コヴィー博士は別の表現でこうも言っています。 「成功というハシゴを効率よく登っても、もしそのハシゴが『間違った壁』に掛かっていたら、早く間違った場所に着くだけだ」
出世競争に勝って部長になったけれど、家庭が崩壊した。 お金持ちになったけれど、やりたいことではなかった。 これらはすべて、「ジャングル(方向)」を間違えたまま、「草刈り(効率)」に熱中してしまった結果なのです。
一度立ち止まり、木に登る勇気を持つ
現代社会は変化が激しく、常に新しいジャングルが現れます。 経済状況も医療の常識も、数年でガラリと変わります。
そんな時代だからこそ、ただ闇雲に目の前のタスクを処理する(草を刈る)だけでは危険です。 定期的に**「作業の手を止めて、木に登る時間」**を作らなければなりません。
あなたの人生のリーダーになる
会社では上司がリーダーかもしれませんが、あなたの人生のリーダーは、あなた自身しかいません。
「今の仕事は、本当に自分のなりたい未来に繋がっているか?」 「今の治療法は、本当に健康を取り戻すためにベストなのか?」 「今の時間の使い方は、私が大切にしたい価値観と合っているか?」
周りの人(マネージャー的思考の人たち)は、「そんなこと考えてないで手を動かせ!」と言うかもしれません。 しかし、その声に流されず、「このジャングルで合っているか?」を確認する勇気を持ってください。
それが、結果的に**「最小の努力で最大の幸福」**を得るための唯一の方法です。
まとめ・アクションプラン
今回の記事では、努力の方向性を決める「リーダーシップ」の重要性について解説しました。

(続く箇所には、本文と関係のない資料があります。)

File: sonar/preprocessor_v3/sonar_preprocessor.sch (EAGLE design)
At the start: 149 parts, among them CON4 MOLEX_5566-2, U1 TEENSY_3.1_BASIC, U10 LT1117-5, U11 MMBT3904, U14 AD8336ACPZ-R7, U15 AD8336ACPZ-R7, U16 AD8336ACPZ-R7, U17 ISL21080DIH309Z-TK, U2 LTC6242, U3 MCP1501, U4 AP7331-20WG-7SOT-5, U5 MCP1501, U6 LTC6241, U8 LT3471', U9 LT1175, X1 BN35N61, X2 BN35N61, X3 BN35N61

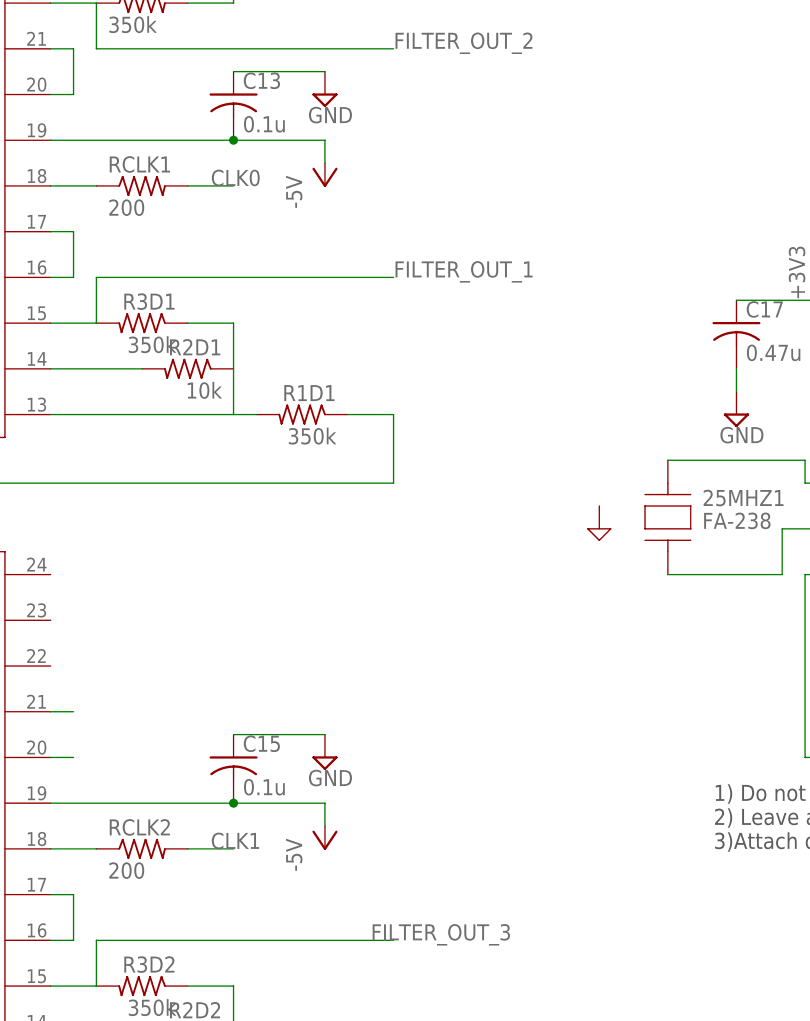
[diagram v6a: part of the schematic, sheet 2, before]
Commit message: reworked filter and clock routing
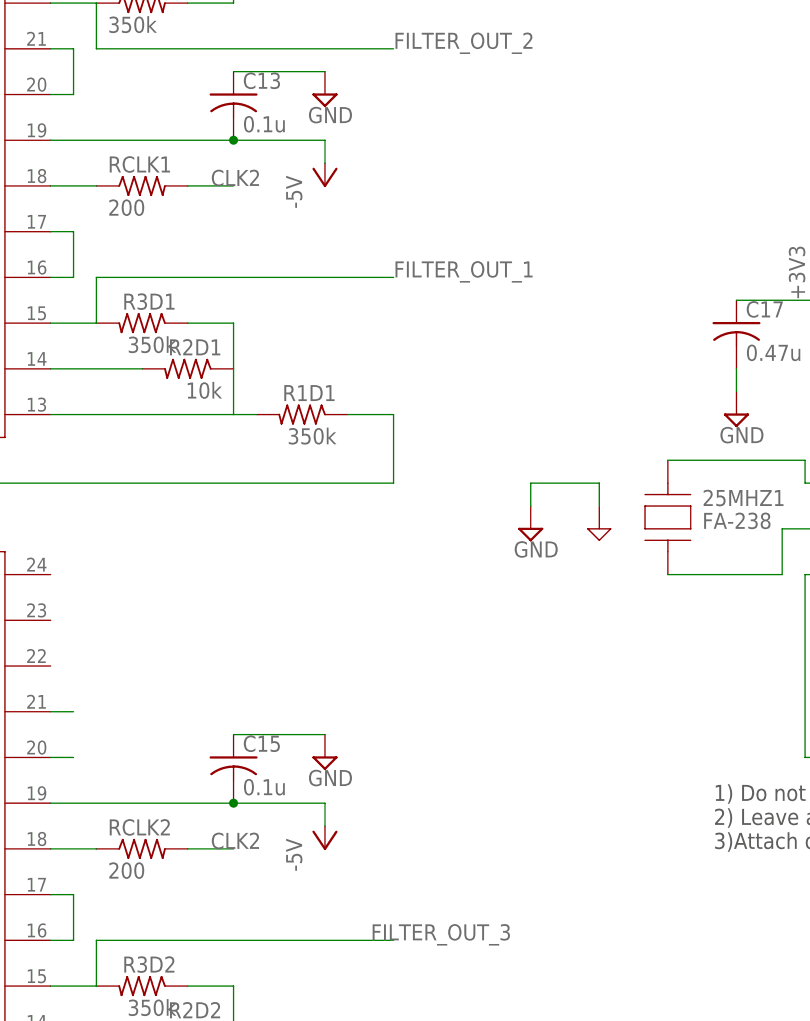
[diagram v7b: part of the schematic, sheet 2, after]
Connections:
- net CLK0: no longer RCLK1.2
- net CLK1: no longer RCLK2.2
- net CLK2: now also RCLK1.2, RCLK2.2
- net GND: now also 25MHZ1.GND
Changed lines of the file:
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@@
 <part name="SUPPLY24" library="supply2" library_urn="urn:adsk.eagle:library:372" deviceset="GND" device=""/>
 <part name="SUPPLY36" library="supply2" library_urn="urn:adsk.eagle:library:372" deviceset="V+" device=""/>
+<part name="SUPPLY37" library="supply2" library_urn="urn:adsk.eagle:library:372" deviceset="GND" device=""/>
 </parts>
 <sheets>
@@
 <instance part="+3V3" gate="G$1" x="182.88" y="119.38"/>
 <instance part="+3V4" gate="G$1" x="223.52" y="119.38"/>
+<instance part="SUPPLY37" gate="GND" x="149.86" y="88.9"/>
 </instances>
 <busses>
@@
 <label x="213.36" y="93.98" size="1.778" layer="95"/>
 </segment>
-<segment>
-<pinref part="RCLK2" gate="G$1" pin="2"/>
-<wire x1="111.76" y1="53.34" x2="116.84" y2="53.34" width="0.1524" layer="91"/>
-<label x="114.3" y="53.34" size="1.778" layer="95"/>
-</segment>
 </net>
 <net name="+5V" class="0">
@@
 <wire x1="228.6" y1="104.14" x2="228.6" y2="106.68" width="0.1524" layer="91"/>
 </segment>
+<segment>
+<pinref part="SUPPLY37" gate="GND" pin="GND"/>
+<wire x1="149.86" y1="91.44" x2="149.86" y2="93.98" width="0.1524" layer="91"/>
+<pinref part="25MHZ1" gate="G$1" pin="GND"/>
+<wire x1="149.86" y1="93.98" x2="157.48" y2="93.98" width="0.1524" layer="91"/>
+<wire x1="157.48" y1="93.98" x2="157.48" y2="91.44" width="0.1524" layer="91"/>
+</segment>
 </net>
 <net name="-5V" class="0">
@@
 <label x="213.36" y="78.74" size="1.778" layer="95"/>
 </segment>
+<segment>
+<pinref part="RCLK1" gate="G$1" pin="2"/>
+<wire x1="111.76" y1="127" x2="116.84" y2="127" width="0.1524" layer="91"/>
+<label x="114.3" y="127" size="1.778" layer="95"/>
+</segment>
+<segment>
+<pinref part="RCLK2" gate="G$1" pin="2"/>
+<wire x1="111.76" y1="53.34" x2="116.84" y2="53.34" width="0.1524" layer="91"/>
+<label x="114.3" y="53.34" size="1.778" layer="95"/>
+</segment>
 </net>
 <net name="CLK0" class="0">
@@
 <label x="213.36" y="99.06" size="1.778" layer="95"/>
 </segment>
-<segment>
-<pinref part="RCLK1" gate="G$1" pin="2"/>
-<wire x1="111.76" y1="127" x2="116.84" y2="127" width="0.1524" layer="91"/>
-<label x="114.3" y="127" size="1.778" layer="95"/>
-</segment>
-</net>
+</net>

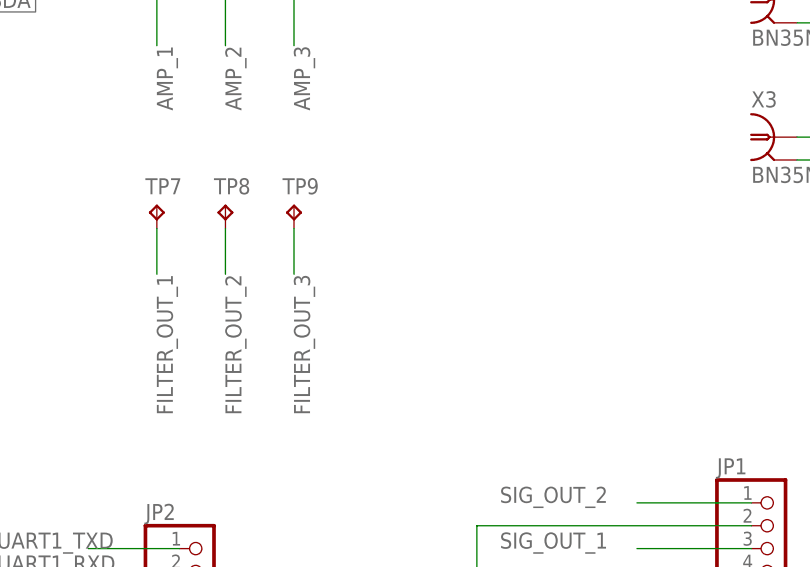
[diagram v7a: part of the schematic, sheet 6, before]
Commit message: added silk screen text and ground vias
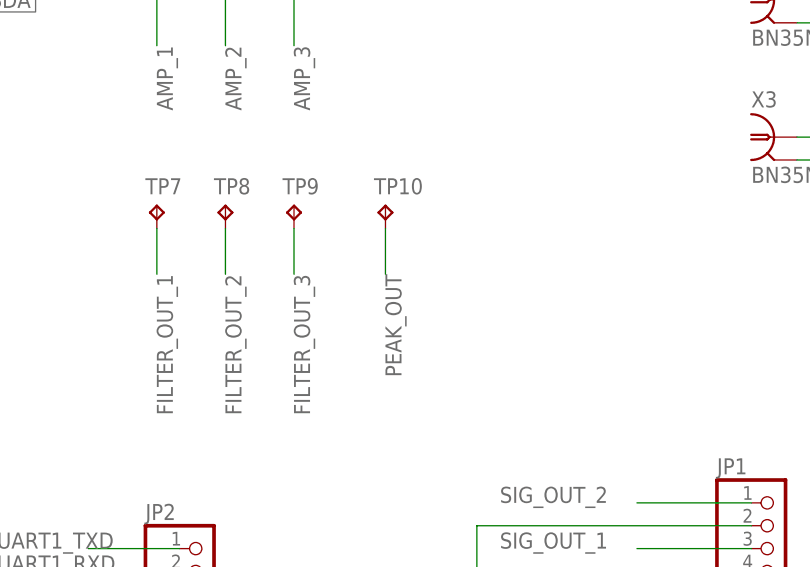
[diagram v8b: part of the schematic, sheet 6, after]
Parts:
- added TP10: TPB2,54, testpad:TPB2,54
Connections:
- net PEAK_OUT: now also TP10.TP
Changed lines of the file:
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@@
 <part name="SUPPLY36" library="supply2" library_urn="urn:adsk.eagle:library:372" deviceset="V+" device=""/>
 <part name="SUPPLY37" library="supply2" library_urn="urn:adsk.eagle:library:372" deviceset="GND" device=""/>
+<part name="TP10" library="testpad" library_urn="urn:adsk.eagle:library:385" deviceset="TP" device="B2,54" package3d_urn="urn:adsk.eagle:package:27948/1"/>
 </parts>
 <sheets>
@@
 <instance part="SUPPLY24" gate="GND" x="137.16" y="17.78"/>
 <instance part="SUPPLY36" gate="1" x="27.94" y="48.26"/>
+<instance part="TP10" gate="G$1" x="167.64" y="104.14"/>
 </instances>
 <busses>
@@
 <label x="78.74" y="154.94" size="1.778" layer="95"/>
 </segment>
-</net>
+<segment>
+<pinref part="TP10" gate="G$1" pin="TP"/>
+<wire x1="167.64" y1="101.6" x2="167.64" y2="96.52" width="0.1524" layer="91"/>
+<label x="167.64" y="96.52" size="1.778" layer="95" rot="R270"/>
+</segment>
+</net>

要点は以下の3つです。
- マネジメントは「物事を正しく(効率的に)行う」能力であり、リーダーシップは「正しい事を行う」能力である。
- 方向(ジャングル)が間違っていれば、効率を上げても人生の損失が大きくなるだけである。
- 忙しい日常の中でも、定期的に高い木に登り、目的地を確認する時間が必要である。
最後に、今日からできるアクションプランを提案します。
【Next Action】 今週末、あるいは今日の帰宅後に、あえて**「何もしない時間(空白の時間)」**を30分だけ確保してください。スマホもテレビも消して、ノートを1冊開きます。
そして、**「私は今、どのジャングルにいて、どこに向かおうとしているのか?」**と書き出してみてください。 もし「今の場所は違うかも」と感じたら、草を刈る手(日々のルーチン)を少し休めて、地図を見直すタイミングです。